Again, Augustine shows a relative disinterest. Politics are necessary and inescapable on this earth, but they are also not so important the the Christian need transform them in and of themselves. Rather, he should conform to local custom as much as possible, so long as temporal peace is secured and sin not required. True, Augustine states that vice continues to reign if only the body and other externals are brought under the command of justice while the mind still pursues its own carnal ends (19.25). But he does not use this argument to delegitimize earthly governments. Rather, it means that full happiness and peace will not be realized in this life (19.20, 26). Our fulfillment will always be in the eternal city, and thus, again, earthly politics are relativized.
Still, perhaps this observation is transformational in its way. Without abolishing the hierarchy, Augustine does suggest we redefine what it means to be a people. After considering arguments from Cicero (and finding them lacking), he puts forward this thesis, “A people is the association of multitude of rational beings united by a common agreement on the objects of their love” (19.24).
Upon reflection, this might be quite radical. After all, this is not a definition according to blood. This people is not organized by language or custom. It is organized by an act of the will, “a common agreement.” Augustine’s propositional nation, we might call it. But the proposition is not about equality or liberty. Rather, it is “a common agreement on the object of… love.” In the context of Augustine’s larger thought, the nation comes together in its agreement to love God, self, and neighbor, all according to the standard of God’s law (19.14). Augustine’s new nation is aspirational, as it progresses in true harmony towards the endearing good.
From this, one could imagine how the Roman Catholic “integralist” might build their position. In an effort to bring harmony to the entire body politic in pursuit of the good, the higher spiritual offices ought to direct the lower temporal offices towards true virtue through their teaching and guidance. And yet, what about the visible church’s potential to be a mixed body, to contain citizens of the city of man within it? Surely the possibility has become reality a time or two throughout history? In the case of a carnal clergyman, submission on the part of the laity would not necessarily be that of the lower to the higher but indeed might be a disordered case of the heavenly citizen being enslaved by the carnal man and having to negotiate the appropriate way to submit temporally without doing so spiritually. The same somewhat paradoxical dynamics Augustine explained about the Christians living in the Roman empire would apply to Christians living in the Roman Church.
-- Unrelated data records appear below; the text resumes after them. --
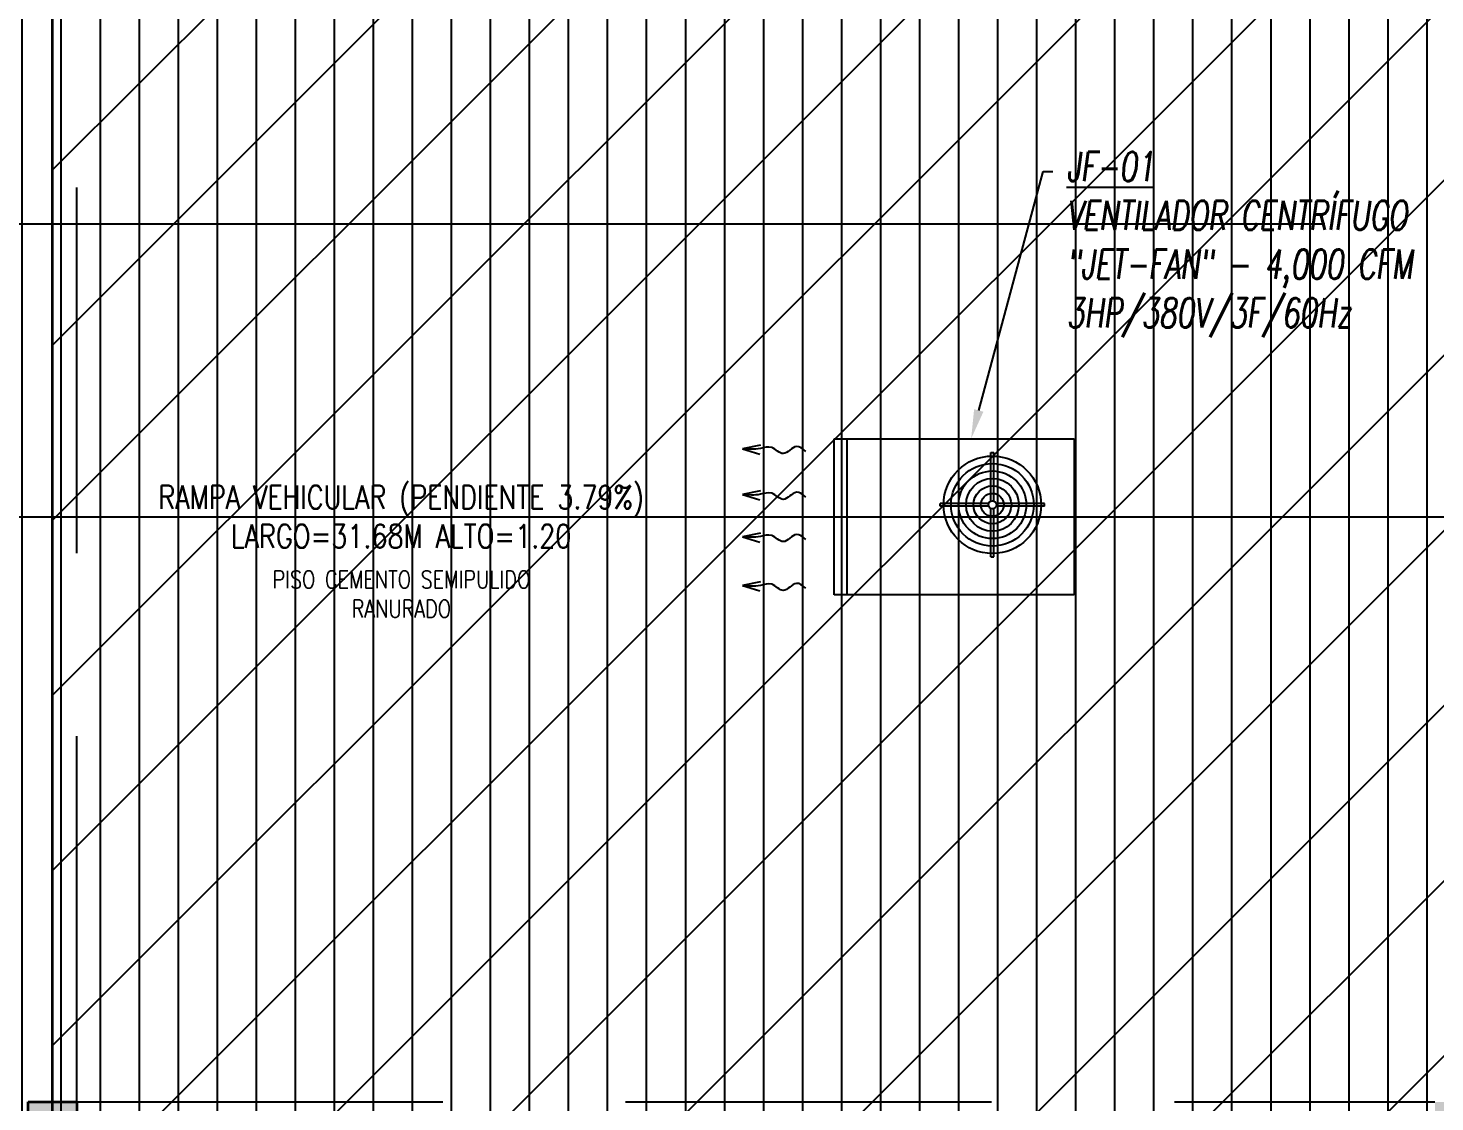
# Model space of a CAD drawing. Extents: x 226317 to 226469, y 8188101 to 8188260.
# Drawn here: x 226415.15 to 226422.36, y 8188196.91 to 8188202.41 of the extents above; entities that cross this region are included whole.
import ezdxf
from ezdxf import colors
from ezdxf.entities.mleader import LeaderData, LeaderLine
from ezdxf.math import Vec2, Vec3

# ---------------------------------------------------------------- set-up
doc = ezdxf.new("R2010")
doc.units = 0
doc.header["$LTSCALE"] = 15
doc.linetypes.add('CENTER', pattern=[2, 1.25, -0.25, 0.25, -0.25])
doc.linetypes.add('HIDDEN2', pattern=[0.1875, 0.125, -0.0625])
doc.layers.get('0').update_dxf_attribs({"color": 250})
for name, color, linetype in [('A-ESTRUCTURA-HATCH', 250, 'Continuous'), ('A-ESTRUCTURA-VIGAS', 250, 'HIDDEN2'), ('A-HATCH', 250, 'Continuous'), ('A-TEXTO-ACABADO PISO', 250, 'Continuous'), ('A-TEXTO-AMBIENTES', 252, 'Continuous'), ('A_50_CortesElev', 250, 'CENTER'), ('L-06_EQ-FIN-CONT', 141, 'Continuous'), ('L3 Equipos y Ductos', 160, 'Continuous'), ('L4 Linea mediana', 191, 'Continuous'), ('L5 Linea mediana segmentada', 191, 'HIDDEN2'), ('L6 Linea fina', 141, 'Continuous')]:
    doc.layers.add(name, color=color, linetype=linetype)
doc.layers.add('A-ESTRUCTURA-PLACAS', color=252, linetype='Continuous', lineweight=35)
doc.layers.add('A-ETAPAS', color=250, linetype='Continuous', lineweight=35, plot=False)
doc.styles.add('JNV ING', font='romans.shx', dxfattribs={"width": 0.7, "oblique": 8, "height": 0.15})
doc.styles.add('ROMANS', font='romans.shx', dxfattribs={"width": 0.8})

# ---------------------------------------------------------------- blocks, each defined once
blk = doc.blocks.new('EST P1')
at = {"layer": 'A-ESTRUCTURA-HATCH'}
h = blk.add_hatch(dxfattribs=at)
h.set_pattern_fill('ANSI31', color=256, scale=0.02)
h.set_pattern_definition([(45, (-226392.07709, -8188203.05961), (-0.04490128060535, 0.04490128060535), [])])
h.paths.add_polyline_path([(-3.61, 5.05), (-3.61, 4.85), (-44.785, 4.85), (-44.785, -0.15), (-46.99, -0.15), (-46.99, -11.15), (-3.61, -11.1501), (-3.61, -11.4001), (-47.24, -11.4001), (-47.24, 0.15), (-45.035, 0.15), (-45.035, 5.05)])
h.paths.add_polyline_path([(5.8757, 4.85), (5.8757, 5.05), (35.53, 5.05), (35.53, 4.85)])
h.paths.add_polyline_path([(47.915, 5.05), (35.58, 5.05), (35.58, 4.85), (47.915, 4.85)])
h.paths.add_polyline_path([(51.865, 4.85), (53.3757, 4.85), (53.3757, 5.05), (51.865, 5.05)])
edge = h.paths.add_edge_path()
edge.add_arc((63.3007, -0.15), 9.7, 360, 180)
edge.add_line((53.6007, -0.15), (53.8007, -0.15))
edge.add_arc((63.3007, -0.15), 9.5, 0.90471, 180, ccw=False)
edge.add_line((72.7995, 0), (70.3507, 0))
edge.add_line((70.3507, 0), (70.3507, -0.1499))
edge.add_line((70.3507, -0.1499), (73.0007, -0.15))
edge = h.paths.add_edge_path(flags=0)
edge.add_arc((63.3007, -0.15), 3.3, 0.00085, 49.99468)
edge.add_line((65.4221, 2.3777), (65.4222, -0.15))
edge.add_line((65.4222, -0.15), (65.2722, -0.15))
edge.add_line((65.2722, -0.15), (65.2721, 2.4964))
edge.add_arc((63.3007, -0.15), 3.3, 53.31658, 179.99996)
edge.add_line((60.0007, -0.15), (59.8007, -0.15))
edge.add_arc((63.3007, -0.15), 3.5, 2.45736, 179.99993, ccw=False)
edge.add_line((66.7975, 0.0001), (69.4507, 0))
edge.add_line((69.4507, 0), (69.4507, -0.1499))
edge.add_line((69.4507, -0.1499), (66.6007, -0.1499))
h.paths.add_polyline_path([(-3.56, -11.15), (35.53, -11.15), (35.53, -11.4001), (-3.56, -11.4001)])
h.paths.add_polyline_path([(35.58, -11.1501), (71.88, -11.1501), (71.88, -11.4001), (35.58, -11.4)])
h = blk.add_hatch(color=256, dxfattribs=at)
h.dxf.hatch_style = 1
h.paths.add_polyline_path([(51.865, 5.05), (47.915, 5.05), (47.915, -0.15), (50.25, -0.15), (50.25, 0), (48.065, 0), (48.065, 2.05), (51.865, 2.05), (51.865, 2.2), (48.065, 2.2), (48.065, 4.85), (51.715, 4.85), (51.715, 3.2), (51.865, 3.2)])
h.paths.add_polyline_path([(1.925, -0.1507), (-0.175, -0.1507), (-0.175, 4.8498), (-3.56, 4.85), (-3.56, 5.05), (3.775, 5.05), (3.775, 1.9), (3.625, 1.9), (3.625, 4.85), (-0.0249, 4.8499), (-0.0249, 2.1999), (1.9251, 2.1998), (1.9251, 2.0499), (-0.0249, 2.0499), (-0.0249, -0.0001), (1.925, -0.0005)])
h.paths.add_polyline_path([(71.63, -6.15), (71.88, -6.15), (71.88, -6.85), (71.63, -6.85)])
h.paths.add_polyline_path([(64.42, -6.15), (64.67, -6.15), (64.67, -6.85), (64.42, -6.85)])
h.paths.add_polyline_path([(57.21, -6.15), (57.46, -6.15), (57.46, -6.85), (57.21, -6.85)])
h.paths.add_polyline_path([(50, -6.15), (50.25, -6.15), (50.25, -6.85), (50, -6.85)])
h.paths.add_polyline_path([(42.79, -6.15), (43.04, -6.15), (43.04, -6.85), (42.79, -6.85)])
h.paths.add_polyline_path([(42.79, 0.55), (43.04, 0.55), (43.04, -0.15), (42.79, -0.15)])
h.paths.add_polyline_path([(35.58, -6.15), (35.83, -6.15), (35.83, -6.85), (35.58, -6.85)])
h.paths.add_polyline_path([(35.58, 0.55), (35.83, 0.55), (35.83, -0.15), (35.58, -0.15)])
h.paths.add_polyline_path([(35.28, -6.15), (35.53, -6.15), (35.53, -6.85), (35.28, -6.85)])
h.paths.add_polyline_path([(35.28, 0.55), (35.53, 0.55), (35.53, -0.15), (35.28, -0.15)])
h.paths.add_polyline_path([(30.28, -6.15), (30.53, -6.15), (30.53, -6.85), (30.28, -6.85)])
h.paths.add_polyline_path([(30.28, 0.55), (30.53, 0.55), (30.53, -0.15), (30.28, -0.15)])
h.paths.add_polyline_path([(23.07, -6.15), (23.32, -6.15), (23.32, -6.85), (23.07, -6.85)])
h.paths.add_polyline_path([(23.07, 0.55), (23.32, 0.55), (23.32, -0.15), (23.07, -0.15)])
h.paths.add_polyline_path([(18.07, -6.15), (18.32, -6.15), (18.32, -6.85), (18.07, -6.85)])
h.paths.add_polyline_path([(18.07, 0.55), (18.32, 0.55), (18.32, -0.15), (18.07, -0.15)])
h.paths.add_polyline_path([(10.86, -6.15), (11.11, -6.15), (11.11, -6.85), (10.86, -6.85)])
h.paths.add_polyline_path([(10.86, 0.55), (11.11, 0.55), (11.11, -0.15), (10.86, -0.15)])
h.paths.add_polyline_path([(3.65, -6.15), (3.9, -6.15), (3.9, -6.85), (3.65, -6.85)])
h.paths.add_polyline_path([(3.625, 0.55), (3.9, 0.55), (3.9, -0.15), (3.625, -0.15)])
h.paths.add_polyline_path([(-3.56, -6.15), (-3.31, -6.15), (-3.31, -6.85), (-3.56, -6.85)])
h.paths.add_polyline_path([(-3.56, 0.55), (-3.31, 0.55), (-3.31, -0.15), (-3.56, -0.15)])
h.paths.add_polyline_path([(-3.86, -6.15), (-3.61, -6.15), (-3.61, -6.85), (-3.86, -6.85)])
h.paths.add_polyline_path([(-3.86, 0.55), (-3.61, 0.55), (-3.61, -0.15), (-3.86, -0.15)])
h.paths.add_polyline_path([(-11.07, -6.15), (-10.82, -6.15), (-10.82, -6.85), (-11.07, -6.85)])
h.paths.add_polyline_path([(-11.07, 0.55), (-10.82, 0.55), (-10.82, -0.15), (-11.07, -0.15)])
h.paths.add_polyline_path([(-18.28, -6.15), (-18.03, -6.15), (-18.03, -6.85), (-18.28, -6.85)])
h.paths.add_polyline_path([(-18.28, 0.55), (-18.03, 0.55), (-18.03, -0.15), (-18.28, -0.15)])
h.paths.add_polyline_path([(-25.49, -6.15), (-25.24, -6.15), (-25.24, -6.85), (-25.49, -6.85)])
h.paths.add_polyline_path([(-25.49, 0.55), (-25.24, 0.55), (-25.24, -0.15), (-25.49, -0.15)])
h.paths.add_polyline_path([(-32.7, -6.15), (-32.45, -6.15), (-32.45, -6.85), (-32.7, -6.85)])
h.paths.add_polyline_path([(-32.7, 0.55), (-32.45, 0.55), (-32.45, -0.15), (-32.7, -0.15)])
h.paths.add_polyline_path([(-39.91, -6.15), (-39.66, -6.15), (-39.66, -6.85), (-39.91, -6.85)])
h.paths.add_polyline_path([(-39.91, 0.55), (-39.66, 0.55), (-39.66, -0.15), (-39.91, -0.15)])
at = {"layer": 'A-ESTRUCTURA-PLACAS'}
blk.add_lwpolyline([(23.07, -6.15), (23.32, -6.15), (23.32, -6.85), (23.07, -6.85)], close=True, dxfattribs=at)
at = {"layer": 'A-ESTRUCTURA-VIGAS'}
for points in [[(23.32, -6.15), (23.32, -0.15)], [(23.32, -6.15), (30.28, -6.15)]]:
    blk.add_lwpolyline(points, dxfattribs=at)
blk = doc.blocks.new('Cortes-Elev.')
at = {"layer": 'A_50_CortesElev', "linetype": 'CENTER', "ltscale": 0.5}
blk.add_lwpolyline([(103.9309, 28.3545), (-19.0944, 28.3545)], dxfattribs=at)
blk = doc.blocks.new('FLUJO')
at = {"layer": 'L-06_EQ-FIN-CONT'}
for p, q in [((0.462, -0.02), (0.335, 0.019)), ((0.33, -0.047), (0.462, -0.02))]:
    blk.add_line(p, q, dxfattribs=at)
blk.add_spline([(0, 0), (0.067, -0.036), (0.164, 0.016), (0.249, -0.029), (0.332, -0.021), (0.462, -0.02)], degree=3, dxfattribs=at)
blk = doc.blocks.new('JFC-01')
at = {"layer": 'L3 Equipos y Ductos'}
for p, q in [((-1.23, -0.4), (-1.23, 0.4)), ((-1.23, 0.4), (0, 0.4)), ((0, 0.4), (0, -0.4)), ((0, -0.4), (-1.23, -0.4))]:
    blk.add_line(p, q, dxfattribs=at)
at = {"layer": 'L4 Linea mediana'}
for radius in [0.25, 0.2118, 0.1735, 0.1353, 0.0971, 0.0588, 0.0206]:
    blk.add_circle((-0.4193, 0.061), radius, dxfattribs=at)
at = {"layer": 'L5 Linea mediana segmentada'}
blk.add_line((-1.1643, -0.4), (-1.1643, 0.4), dxfattribs=at)
at = {"layer": 'L6 Linea fina'}
for p, q in [((-0.4269, 0.0801), (-0.4269, 0.3285)), ((-0.4269, 0.3285), (-0.4117, 0.3285)), ((-0.4117, 0.0801), (-0.4117, 0.3285)), ((-0.4385, 0.0686), (-0.6868, 0.0686)), ((-0.6868, 0.0534), (-0.6868, 0.0686)), ((-0.4385, 0.0534), (-0.6868, 0.0534)), ((-0.4269, -0.2065), (-0.4269, 0.0419)), ((-0.4117, -0.2065), (-0.4117, 0.0419)), ((-0.1518, 0.0686), (-0.4002, 0.0686)), ((-0.1518, 0.0534), (-0.4002, 0.0534)), ((-0.1518, 0.0534), (-0.1518, 0.0686)), ((-0.4269, -0.2065), (-0.4117, -0.2065))]:
    blk.add_line(p, q, dxfattribs=at)
at = {"layer": 'L6 Linea fina', "xscale": 0.7, "yscale": 0.7, "zscale": 0.7, "rotation": 180}
for p in [(-1.3761, 0.3346), (-1.3761, 0.1002), (-1.3761, -0.1166), (-1.3761, -0.3668)]:
    blk.add_blockref('FLUJO', p, dxfattribs=at)

msp = doc.modelspace()

# ---------------------------------------------------------------- hatches: boundary and pattern name
at = {"layer": 'A-HATCH'}
h = msp.add_hatch(dxfattribs=at)
h.set_pattern_fill('_USER', color=256, scale=0.2, angle=90, pattern_type=0)
h.set_pattern_definition([(90, (226435.11709, 8188199.90867), (-0.2, 1e-17), [])])
h.paths.add_polyline_path([(226403.1871, 8188207.9096), (226403.1871, 8188191.9096), (226434.8671, 8188191.9096), (226434.8671, 8188207.9096)])
at = {"layer": 'L6 Linea fina'}
h = msp.add_hatch(dxfattribs=at)
h.set_pattern_fill('ANSI31', color=256, scale=0.2)
h.set_pattern_definition([(45, (0, 0), (-0.449012806053, 0.449012806053), [])])
h.paths.add_polyline_path([(226415.2721, 8188208.1096), (226420.8531, 8188208.1096), (226420.8531, 8188208.9595), (226424.8032, 8188208.9595), (226424.8032, 8188208.1096), (226427.6071, 8188208.1096), (226427.6071, 8188191.6595), (226415.2721, 8188191.6595)])

# ---------------------------------------------------------------- linework, layer by layer
msp.add_line((226403.1871, 8188199.9096), (226434.8671, 8188199.9096))
at = {"layer": 'A-ETAPAS'}
msp.add_lwpolyline([(226415.2721, 8188191.9096), (226415.2721, 8188207.9096)], dxfattribs=at)
at = {"layer": 'L5 Linea mediana segmentada'}
msp.add_arc((226419.3244, 8188179.5487), 23.4888, 48.70419, 99.46048, dxfattribs=at)
at = {"layer": 'L6 Linea fina'}
msp.add_lwpolyline([(226415.2721, 8188208.1096), (226420.8531, 8188208.1096), (226420.8531, 8188208.9595), (226424.8032, 8188208.9595), (226424.8032, 8188208.1096), (226427.6071, 8188208.1096), (226427.6071, 8188191.6595), (226415.2721, 8188191.6595)], close=True, dxfattribs=at)

# ---------------------------------------------------------------- block references
msp.add_blockref('EST P1', (226392.0771, 8188203.0596))
at = {"layer": 'A_50_CortesElev'}
msp.add_blockref('Cortes-Elev.', (226362.8621, 8188173.0552), dxfattribs=at)
at = {"layer": 'L6 Linea fina'}
msp.add_blockref('JFC-01', (226420.5086, 8188199.9096, 0), dxfattribs=at)

# ---------------------------------------------------------------- texts
at = {"layer": 'A-TEXTO-ACABADO PISO', "insert": (226417.0602, 8188199.6328), "char_height": 0.09, "attachment_point": 2, "style": 'ROMANS'}
msp.add_mtext_dynamic_manual_height_columns('PISO CEMENTO SEMIPULIDO RANURADO', width=1.586307, gutter_width=12.5, heights=[0], dxfattribs=at)
at = {"layer": 'A-TEXTO-AMBIENTES', "insert": (226417.0591, 8188199.9096), "char_height": 0.12, "width": 7.191569, "attachment_point": 5, "style": 'ROMANS'}
msp.add_mtext('RAMPA VEHICULAR (PENDIENTE 3.79%)\\PLARGO=31.68M ALTO=1.20 ', dxfattribs=at)

# ---------------------------------------------------------------- leaders
at = {"layer": 'L6 Linea fina'}
ml = msp.add_multileader_mtext('Standard', dxfattribs=at)
ml.set_content('{\\LJF-01}\\PVENTILADOR CENTRÍFUGO\\P"JET-FAN" - 4,000 CFM\\P3HP/380V/3F/60Hz ', color=12, style='JNV ING')
ml.set_leader_properties(color=256, linetype='ByLayer', lineweight=-1)
ml.build(insert=Vec2(0, 0))
ml.multileader.update_dxf_attribs({"dogleg_length": 0.05, "arrow_head_size": 0.15})
ctx = ml.context
ctx.base_point, ctx.char_height, ctx.arrow_head_size, ctx.landing_gap_size, ctx.plane_origin = Vec3(226420.3998, 8188201.6797, 0), 0.15, 0.15, 0.07, Vec3(226423.0168, 8188200.682, 0)
notes = []
notes.append((ctx, [(1, (1, 1, 0), (226420.3498, 8188201.6797, 0), (1, 0), 0.05, [(0, [(226419.9804, 8188200.3096, 0)], 0, [])])]))
ctx.mtext.insert, ctx.mtext.flow_direction = Vec3(226420.4698, 8188201.7797, 0), 5
for ctx, leaders in notes:
    for number, flags, end, landing, length, lines in leaders:
        leader = LeaderData()
        leader.index, (leader.has_last_leader_line, leader.has_dogleg_vector, leader.attachment_direction) = number, flags
        leader.last_leader_point, leader.dogleg_vector, leader.dogleg_length = Vec3(end), Vec3(landing), length
        for number, points, colour, breaks in lines:
            line = LeaderLine()
            line.index, line.vertices, line.color, line.breaks = number, Vec3.list(points), colors.encode_raw_color(colour), breaks
            leader.lines.append(line)
        ctx.leaders.append(leader)

doc.saveas('drawing.dxf')

For the Protestant Reformation, this Christendom model could largely be retained, but with a stronger parity between magistracy and ministry, with each having “supremacy” in their jurisdiction and doing their best to work together. The city of man/city of god division could run through both church and state, and all Christians would still need to recognize the provisional nature of the establishment. Some coercion could be employed, but persuasion would take priority, as the realization of spiritual felicity comes first through hearing. I confess myself partial to this approach. Natural law would be a foundation, and Christian reforms of the disorder of the Fall could be implemented on a select basis, but always with care not to overturn proper order and ordained jurisdictions. Different Christians nations would be free to pursue the good differently.
For the world of modernism, or liberalism (or choose your nomenclature), Augustine is also useful. In some ways, we are closer to his world than either medieval Rome or the Reformation. However, one difference is essential to understand. While it is true that Augustine wrote during the fall of Rome, it was actually a fall of a pagan and pre-Christian Rome to a band of mostly Christian barbarians. He stood at the crossroads, but as the movement was working towards Christendom. We now live on the opposite side of the spectrum. We are moving away from Christendom towards a more self-consciously pagan society. Many theories offer themselves to us as explainers. Perhaps we are now in a secularized Protestantism. Abstract universals have set themselves up as the “common agreement on the object of love.” But there is no common agreement. The agreement seems precisely to be a rejection of any common notion of love. However, isn’t this just another version of each man pursuing his notion of the good, of happiness, or even of peace? Indeed, “Liberalism,” is the proposal that the good is best realized when each man is allowed to pursue it individually. Yet this leads to disharmony.
And so we return to Augustine’s advice. We live in this world as if not in it. We use it as if not possessing it. If we are ruled and even dominated, we know that we are free. “It is obviously a happier lot to be a slave to a human being than to a lust” (19.15). We appeal to justice, and we use the mechanisms of law and order as much as we can. We are thankful for constitutional gains and judicial review. We are not ashamed to hire effective lawyers. And yet still, for all of this, we don’t give it our heart. We know that this social arrangement is temporary and limited. It cannot keep its promises. It cannot fill our souls. Even if it were working, it would not give what we seek.
We know that disharmony is bad. We try to minimize it. Insofar as our society rejects the concept of nature– natural law, original goodness, creation ordinances– we must reject that rejection. We must model the original intent of human sociality, as much as possible. But the challenge is to do this without making this model the ultimate good or chief end. We must fight the culture war as if not fighting it. We must engage but only in a way of secondary interest and significance. We must climb the things of this world, this evermore insane world, as we ascend to things higher. Whenever our civic interaction causes us to descend, we stop and reset.
To borrow CS Lewis’ expression, we need our “chest.” We need it to harmonize the spiritual truths we know with the things of the stomach, the bodily life we desire. Insofar as modernity has minimized or erased the very existence of the chest, we must reclaim it. And yet, we cannot let the chest be overtaken by the belly all over again by allowing certain provisional earthly social expressions to claim to be the City of God. This trap is as commonly fallen into as it seems obvious to explain. We cannot make our harmonization of this world’s goods to be the ultimate good. Defend the existence of the chest, and then protect your chest.
In what way is Augustine giving us “political” thought in City of God? How is he “conservative” in approach, and how is he radical? And in what ways are our current idolatrous politics in need of strategic desecration, chiefly a toppling of those idols which dominate our minds?
Somewhere along the way, this summary essay turned into a sermon. I don’t apologize. But I should restore your liberty and give you leave. I will keep thinking things over, being but a pilgrim on this passing blog.